● Work to be completed
Print, from the listing below, the lines starting at the line containing "me_top_cell_001.use_mirror_vertex_groups = False" and ending at the line containing "me_top_cell_001.update()", exactly as they stand, and print nothing else.

*** Data under study Section Begins ***

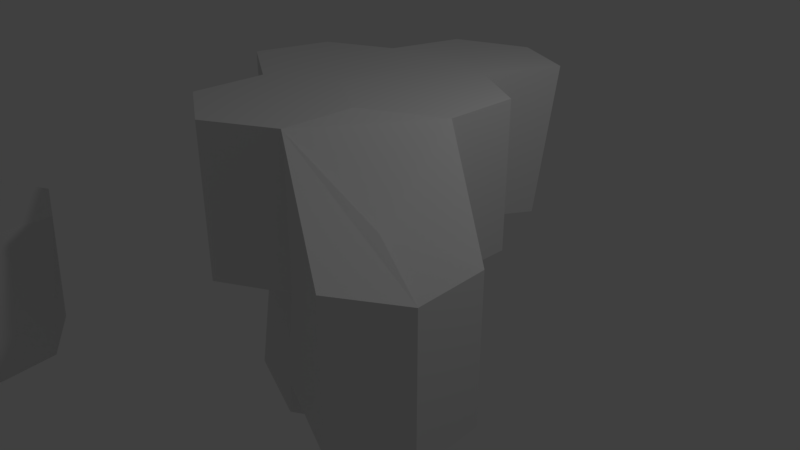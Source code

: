 # Source: hex6.1.blend  (saved by Blender 2.79.0; exported with 4.5.12 LTS)
import bpy
from mathutils import Matrix  # noqa: F401  (used for matrix-valued properties, if any)

bpy.ops.wm.read_factory_settings(use_empty=True)
scene = bpy.context.scene
scene.name = 'Scene'

# ---- collections
col_collection_1 = bpy.data.collections.new('Collection 1'); scene.collection.children.link(col_collection_1)

# ---- world
world_world = bpy.data.worlds.new('World'); scene.world = world_world
world_world.color = (0.05088, 0.05088, 0.05088)
world_world.use_sun_shadow = False
world_world.sun_shadow_jitter_overblur = 0.0
world_world.cycles.sampling_method = 'MANUAL'

# ---- cameras
cam_camera = bpy.data.cameras.new('Camera')
cam_camera.clip_end = 100.0
cam_camera.lens = 35.0
cam_camera.sensor_width = 32.0
cam_camera.sensor_height = 18.0
cam_camera.ortho_scale = 7.314
cam_camera.dof.focus_distance = 0.0
cam_camera.dof.aperture_fstop = 128.0

# ---- lights
light_lamp = bpy.data.lights.new('Lamp', 'POINT')
light_lamp.transmission_factor = 0.0
light_lamp.cutoff_distance = 30.0
light_lamp.energy = 100.0
light_lamp.shadow_buffer_clip_start = 1.001
light_lamp.shadow_soft_size = 0.1
light_lamp.shadow_maximum_resolution = 0.006
light_lamp.use_absolute_resolution = True

# ---- meshes
me_top_cell_002 = bpy.data.meshes.new('top-cell.002')
me_top_cell_002.from_pydata([(0.4694, -0.3849, -2.14), (0.4226, 1.827, -2.192), (0.5422, 1.873, -1.09), (0.4292, -0.6717, -0.9719), (0.4256, 1.873, -0.1693), (0.7083, -0.4834, -0.1292), (-0.2781, 1.873, 0.4356), (-0.1711, -0.4202, 0.6877), (-1.276, 1.852, -0.05715), (-1.002, -0.4202, 0.1306), (-1.209, 1.835, -1.12), (-1.213, -0.5367, -0.9615), (-0.295, -0.8136, -0.5105), (-0.3083, 1.873, -0.564), (-0.3907, 1.84, -1.719)], [], [(0, 1, 2, 3), (3, 2, 4, 5), (5, 4, 6, 7), (7, 6, 8, 9), (2, 1, 14, 10, 13), (9, 8, 10, 11), (11, 10, 14, 1, 0), (0, 3, 12, 11), (7, 12, 3, 5), (11, 12, 7, 9), (6, 4, 2, 13), (13, 10, 8, 6)])
me_top_cell_002.polygons.foreach_set('use_smooth', [True] * 12)
_k = set([(0, 1), (0, 3), (0, 11), (1, 2), (1, 14), (2, 3), (2, 4), (3, 5), (4, 5), (4, 6), (5, 7), (6, 7), (6, 8), (7, 9), (8, 9), (8, 10), (9, 11), (10, 11), (10, 14)])
me_top_cell_002.attributes.new('sharp_edge', 'BOOLEAN', 'EDGE').data.foreach_set('value', [ (min(e.vertices), max(e.vertices)) in _k for e in me_top_cell_002.edges])
me_top_cell_002.use_remesh_preserve_volume = False
me_top_cell_002.use_remesh_preserve_attributes = False
me_top_cell_002.use_mirror_vertex_groups = False
me_top_cell_002.update()
me_top_cell_002.normals_split_custom_set([tuple(v) for v in zip(*[iter([0.9992, -0.01521, -0.03659, 0.9992, -0.01521, -0.03659, 0.9992, -0.01521, -0.03659, 0.9992, -0.01521, -0.03659, 0.995, 0.0314, -0.09506, 0.995, 0.0314, -0.09506, 0.995, 0.0314, -0.09506, 0.995, 0.0314, -0.09506, 0.6669, 0.1023, 0.7381, 0.6669, 0.1023, 0.7381, 0.6669, 0.1023, 0.7381, 0.6669, 0.1023, 0.7381, -0.4979, 0.0419, 0.8662, -0.4979, 0.0419, 0.8662, -0.4979, 0.0419, 0.8662, -0.4979, 0.0419, 0.8662, -0.01141, 0.9997, -0.02159, -0.01645, 0.9994, -0.03113, -0.01645, 0.9994, -0.03113, -0.02083, 0.9996, -0.02043, -0.01411, 0.9998, -0.01307, -0.9961, -0.05258, 0.07024, -0.9961, -0.05258, 0.07024, -0.9961, -0.05258, 0.07024, -0.9961, -0.05258, 0.07024, -0.5598, -0.05387, -0.8269, -0.5598, -0.05387, -0.8269, -0.5598, -0.05387, -0.8269, -0.5598, -0.05387, -0.8269, -0.5598, -0.05387, -0.8269, -0.08026, -0.9541, -0.2887, 0.03918, -0.9947, -0.09527, -0.05284, -0.9967, 0.06086, -0.1866, -0.9817, -0.03769, -0.02908, -0.9691, 0.245, -0.05284, -0.9967, 0.06086, 0.03918, -0.9947, -0.09527, 0.2262, -0.9476, 0.2254, -0.1866, -0.9817, -0.03769, -0.05284, -0.9967, 0.06086, -0.02908, -0.9691, 0.245, -0.2895, -0.9245, 0.2482, -0.01405, 0.9999, -0.004772, 9.779e-08, 1.0, -1.652e-07, -0.01141, 0.9997, -0.02159, -0.01411, 0.9998, -0.01307, -0.01411, 0.9998, -0.01307, -0.02083, 0.9996, -0.02043, -0.02562, 0.9996, -0.008702, -0.01405, 0.9999, -0.004772])] * 3)])
me_base1_001 = bpy.data.meshes.new('base1.001')
me_base1_001.from_pydata([(0.04241, -2.31, -1.558), (0.07393, 2.235, -1.397), (1.044, 2.189, -0.8608), (0.7618, -0.8701, -0.6504), (0.9238, 1.067, 0.5389), (0.9238, -0.9333, 0.5389), (0.05774, 1.067, 1.039), (0.05774, -0.9333, 1.039), (-0.8083, 1.067, 0.5389), (-0.8083, -0.9333, 0.5389), (-0.8203, 2.235, -0.9498), (-0.913, -0.9678, -0.9566), (-0.913, -0.9678, -0.9566), (0.02246, 1.258, -0.1828), (0.05774, -0.9333, -0.1278), (0.07393, 0.235, -1.397), (-0.8203, 0.235, -0.9498), (1.044, 0.1891, -0.8608)], [], [(0, 15, 17, 3), (3, 17, 2, 4, 5), (5, 4, 6, 7), (7, 6, 8, 9), (2, 1, 10, 13), (9, 8, 10, 16, 11), (11, 16, 15, 0), (11, 12, 14, 7, 9), (10, 8, 6, 13), (13, 6, 4, 2), (14, 3, 5, 7), (0, 3, 14, 12, 11), (15, 16, 10, 1), (17, 15, 1, 2)])
me_base1_001.polygons.foreach_set('use_smooth', [True] * 14)
_k = set([(0, 3), (0, 11), (0, 15), (1, 2), (1, 10), (1, 15), (2, 4), (2, 17), (3, 5), (3, 17), (4, 5), (4, 6), (5, 7), (6, 7), (6, 8), (7, 9), (8, 9), (8, 10), (9, 11), (10, 16), (11, 16)])
me_base1_001.attributes.new('sharp_edge', 'BOOLEAN', 'EDGE').data.foreach_set('value', [ (min(e.vertices), max(e.vertices)) in _k for e in me_base1_001.edges])
me_base1_001.use_remesh_preserve_volume = False
me_base1_001.use_remesh_preserve_attributes = False
me_base1_001.use_mirror_vertex_groups = False
me_base1_001.update()
me_base1_001.normals_split_custom_set([tuple(v) for v in zip(*[iter([0.6805, -0.06942, -0.7294, 0.5857, -0.03454, -0.8098, 0.5854, -0.03442, -0.81, 0.6805, -0.06942, -0.7294, 0.9976, -0.05391, 0.04264, 0.9976, -0.05391, 0.04264, 0.9976, -0.05391, 0.04264, 0.9976, -0.05391, 0.04264, 0.9976, -0.05391, 0.04264, 0.5, 0.0, 0.866, 0.5, 0.0, 0.866, 0.5, 0.0, 0.866, 0.5, 0.0, 0.866, -0.5, 0.0, 0.866, -0.5, 0.0, 0.866, -0.5, 0.0, 0.866, -0.5, 0.0, 0.866, -0.06671, 0.8242, 0.5623, -0.01066, 0.7793, 0.6265, 0.0518, 0.82, 0.5701, 0.007639, 0.8718, 0.4897, -0.9996, 0.01779, 0.02201, -0.9996, 0.01779, 0.02201, -0.9996, 0.01779, 0.02201, -0.9996, 0.01779, 0.02201, -0.9996, 0.01779, 0.02201, -0.4622, 0.0548, -0.8851, -0.4552, 0.02797, -0.8899, -0.4551, 0.02756, -0.89, -0.4622, 0.0548, -0.8851, -0.01819, -0.9757, 0.2184, -0.0403, -0.9245, 0.379, -0.01388, -0.9787, 0.205, 0.01573, -0.9998, -0.007869, 0.009674, -0.9999, 0.01257, 0.0518, 0.82, 0.5701, 0.1784, 0.8808, 0.4387, 0.003167, 0.8957, 0.4447, 0.007639, 0.8718, 0.4897, 0.007639, 0.8718, 0.4897, 0.003167, 0.8957, 0.4447, -0.163, 0.8842, 0.4378, -0.06671, 0.8242, 0.5623, -0.01388, -0.9787, 0.205, -0.04365, -0.9043, 0.4246, 0.02179, -0.9994, -0.0283, 0.01573, -0.9998, -0.007869, -0.08454, -0.7175, 0.6914, -0.04365, -0.9043, 0.4246, -0.01388, -0.9787, 0.205, -0.0403, -0.9245, 0.379, -0.01819, -0.9757, 0.2184, -0.4551, 0.02756, -0.89, -0.4552, 0.02797, -0.8899, -0.4477, -1.639e-07, -0.8942, -0.4477, -1.639e-07, -0.8942, 0.5854, -0.03442, -0.81, 0.5857, -0.03454, -0.8098, 0.4839, -2.688e-08, -0.8751, 0.4839, -2.688e-08, -0.8751])] * 3)])
me_top_cell_001 = bpy.data.meshes.new('top-cell.001')
me_top_cell_001.from_pydata([(-0.3472, -0.5367, -1.462), (-0.4737, 1.554, -1.735), (0.5538, 1.554, -1.183), (0.4292, -0.6717, -0.9719), (0.6069, 1.45, -0.4549), (0.5132, -0.7431, -0.2996), (-0.317, 1.621, 0.03159), (-0.2019, -0.6711, 0.1503), (-0.9922, 1.664, -0.1422), (-0.9989, -0.398, 0.0526), (-1.177, 1.554, -1.13), (-1.213, -0.5367, -0.9615), (-0.295, -0.8136, -0.5105), (-0.2967, 1.554, -0.6567)], [], [(0, 1, 2, 3), (3, 2, 4, 5), (5, 4, 6, 7), (7, 6, 8, 9), (2, 1, 10, 13), (9, 8, 10, 11), (11, 10, 1, 0), (0, 3, 12, 11), (7, 12, 3, 5), (11, 12, 7, 9), (6, 4, 2, 13), (13, 10, 8, 6)])
me_top_cell_001.polygons.foreach_set('use_smooth', [True] * 12)
_k = set([(0, 1), (0, 3), (0, 11), (1, 2), (1, 10), (2, 3), (2, 4), (3, 5), (4, 5), (4, 6), (5, 7), (6, 7), (6, 8), (7, 9), (8, 9), (8, 10), (9, 11), (10, 11)])
me_top_cell_001.attributes.new('sharp_edge', 'BOOLEAN', 'EDGE').data.foreach_set('value', [ (min(e.vertices), max(e.vertices)) in _k for e in me_top_cell_001.edges])
me_top_cell_001.use_remesh_preserve_volume = False
me_top_cell_001.use_remesh_preserve_attributes = False
me_top_cell_001.use_mirror_vertex_groups = False
me_top_cell_001.update()
me_top_cell_001.normals_split_custom_set([tuple(v) for v in zip(*[iter([0.4925, -0.09687, -0.8649, 0.4925, -0.09687, -0.8649, 0.4925, -0.09687, -0.8649, 0.4925, -0.09687, -0.8649, 0.9929, -0.0577, -0.1044, 0.9929, -0.0577, -0.1044, 0.9929, -0.0577, -0.1044, 0.9929, -0.0577, -0.1044, 0.5014, 0.05514, 0.8634, 0.5014, 0.05514, 0.8634, 0.5014, 0.05514, 0.8634, 0.5014, 0.05514, 0.8634, -0.1671, 0.06667, 0.9837, -0.1671, 0.06667, 0.9837, -0.1671, 0.06667, 0.9837, -0.1671, 0.06667, 0.9837, 0.05573, 0.9984, 0.01191, 1.304e-07, 1.0, -3.812e-07, 0.03152, 0.9984, -0.04779, 0.06131, 0.9977, -0.02826, -0.9809, 0.02689, 0.1924, -0.9809, 0.02689, 0.1924, -0.9809, 0.02689, 0.1924, -0.9809, 0.02689, 0.1924, -0.5728, -0.09855, -0.8138, -0.5728, -0.09855, -0.8138, -0.5728, -0.09855, -0.8138, -0.5728, -0.09855, -0.8138, -0.08051, -0.9582, -0.2746, -0.004179, -0.9926, -0.1211, -0.1311, -0.9914, -0.004333, -0.2285, -0.973, -0.0321, -0.1694, -0.975, 0.1437, -0.1311, -0.9914, -0.004333, -0.004179, -0.9926, -0.1211, 0.07565, -0.9962, 0.0431, -0.2285, -0.973, -0.0321, -0.1311, -0.9914, -0.004333, -0.1694, -0.975, 0.1437, -0.3606, -0.9068, 0.2184, 0.08922, 0.9946, -0.05295, 0.1089, 0.9938, 0.02326, 0.05573, 0.9984, 0.01191, 0.06131, 0.9977, -0.02826, 0.06131, 0.9977, -0.02826, 0.03152, 0.9984, -0.04779, 0.07365, 0.991, -0.1117, 0.08922, 0.9946, -0.05295])] * 3)])
me_top_cell = bpy.data.meshes.new('top-cell')
me_top_cell.from_pydata([(0.08663, -1.02, -1.036), (-0.08852, 1.076, -1.246), (0.8464, 1.15, -0.4285), (0.8464, -0.8497, -0.4285), (0.9463, 1.159, 0.5919), (0.9463, -0.8411, 0.5919), (0.06233, 1.159, 1.06), (0.06233, -0.8411, 1.06), (-0.9734, 1.088, 0.4153), (-0.9348, -0.9737, 0.526), (-0.9066, 1.071, -0.6471), (-0.811, -1.02, -0.5957), (-0.05019, -1.003, -0.03496), (-0.006155, 1.108, -0.09152)], [], [(0, 1, 2, 3), (3, 2, 4, 5), (5, 4, 6, 7), (7, 6, 8, 9), (2, 1, 10, 13), (9, 8, 10, 11), (11, 10, 1, 0), (0, 3, 12, 11), (7, 12, 3, 5), (11, 12, 7, 9), (6, 4, 2, 13), (13, 10, 8, 6)])
me_top_cell.polygons.foreach_set('use_smooth', [True] * 12)
_k = set([(0, 1), (0, 3), (0, 11), (1, 2), (1, 10), (2, 3), (2, 4), (3, 5), (4, 5), (4, 6), (5, 7), (6, 7), (6, 8), (7, 9), (8, 9), (8, 10), (9, 11), (10, 11)])
me_top_cell.attributes.new('sharp_edge', 'BOOLEAN', 'EDGE').data.foreach_set('value', [ (min(e.vertices), max(e.vertices)) in _k for e in me_top_cell.edges])
me_top_cell.use_remesh_preserve_volume = False
me_top_cell.use_remesh_preserve_attributes = False
me_top_cell.use_mirror_vertex_groups = False
me_top_cell.update()
me_top_cell.normals_split_custom_set([tuple(v) for v in zip(*[iter([0.6447, -0.0116, -0.7643, 0.6447, -0.0116, -0.7643, 0.6447, -0.0116, -0.7643, 0.6447, -0.0116, -0.7643, 0.9952, -2.279e-07, -0.09744, 0.9952, -2.279e-07, -0.09744, 0.9952, -2.279e-07, -0.09744, 0.9952, -2.279e-07, -0.09744, 0.4676, -3.715e-09, 0.8839, 0.4676, -3.715e-09, 0.8839, 0.4676, -3.715e-09, 0.8839, 0.4676, -3.715e-09, 0.8839, -0.5026, 0.01878, 0.8643, -0.5026, 0.01878, 0.8643, -0.5026, 0.01878, 0.8643, -0.5026, 0.01878, 0.8643, -0.03855, 0.999, -0.02471, -0.04212, 0.9988, -0.02497, -0.03969, 0.9988, -0.0276, -0.03837, 0.9989, -0.02675, -0.9957, -0.03552, -0.08584, -0.9957, -0.03552, -0.08584, -0.9957, -0.03552, -0.08584, -0.9957, -0.03552, -0.08584, -0.5162, -0.08657, -0.8521, -0.5162, -0.08657, -0.8521, -0.5162, -0.08657, -0.8521, -0.5162, -0.08657, -0.8521, 0.09893, -0.9946, 0.03041, 0.1092, -0.9927, 0.05066, 0.07797, -0.9948, 0.0648, 0.06361, -0.9961, 0.06127, 0.07705, -0.9939, 0.07938, 0.07797, -0.9948, 0.0648, 0.1092, -0.9927, 0.05066, 0.1179, -0.9907, 0.06787, 0.06361, -0.9961, 0.06127, 0.07797, -0.9948, 0.0648, 0.07705, -0.9939, 0.07938, 0.02658, -0.9953, 0.09335, -0.0362, 0.999, -0.02722, -0.03552, 0.9991, -0.0245, -0.03855, 0.999, -0.02471, -0.03837, 0.9989, -0.02675, -0.03837, 0.9989, -0.02675, -0.03969, 0.9988, -0.0276, -0.03702, 0.9988, -0.03049, -0.0362, 0.999, -0.02722])] * 3)])
me_base1 = bpy.data.meshes.new('base1')
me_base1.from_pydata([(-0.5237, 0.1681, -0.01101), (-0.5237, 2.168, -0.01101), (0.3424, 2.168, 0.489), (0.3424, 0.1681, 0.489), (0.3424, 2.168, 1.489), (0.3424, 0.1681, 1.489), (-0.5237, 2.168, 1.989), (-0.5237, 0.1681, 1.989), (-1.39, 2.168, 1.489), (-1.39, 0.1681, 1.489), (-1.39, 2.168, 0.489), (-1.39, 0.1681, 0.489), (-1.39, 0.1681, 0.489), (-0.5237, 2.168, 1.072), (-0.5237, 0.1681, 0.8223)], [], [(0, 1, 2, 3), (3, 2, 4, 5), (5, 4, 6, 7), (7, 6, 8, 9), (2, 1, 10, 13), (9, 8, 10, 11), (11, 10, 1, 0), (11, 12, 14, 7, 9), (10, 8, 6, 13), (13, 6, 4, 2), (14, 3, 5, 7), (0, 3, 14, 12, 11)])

*** Data under study Section Ends ***

● Task response
me_top_cell_001.use_mirror_vertex_groups = False
me_top_cell_001.update()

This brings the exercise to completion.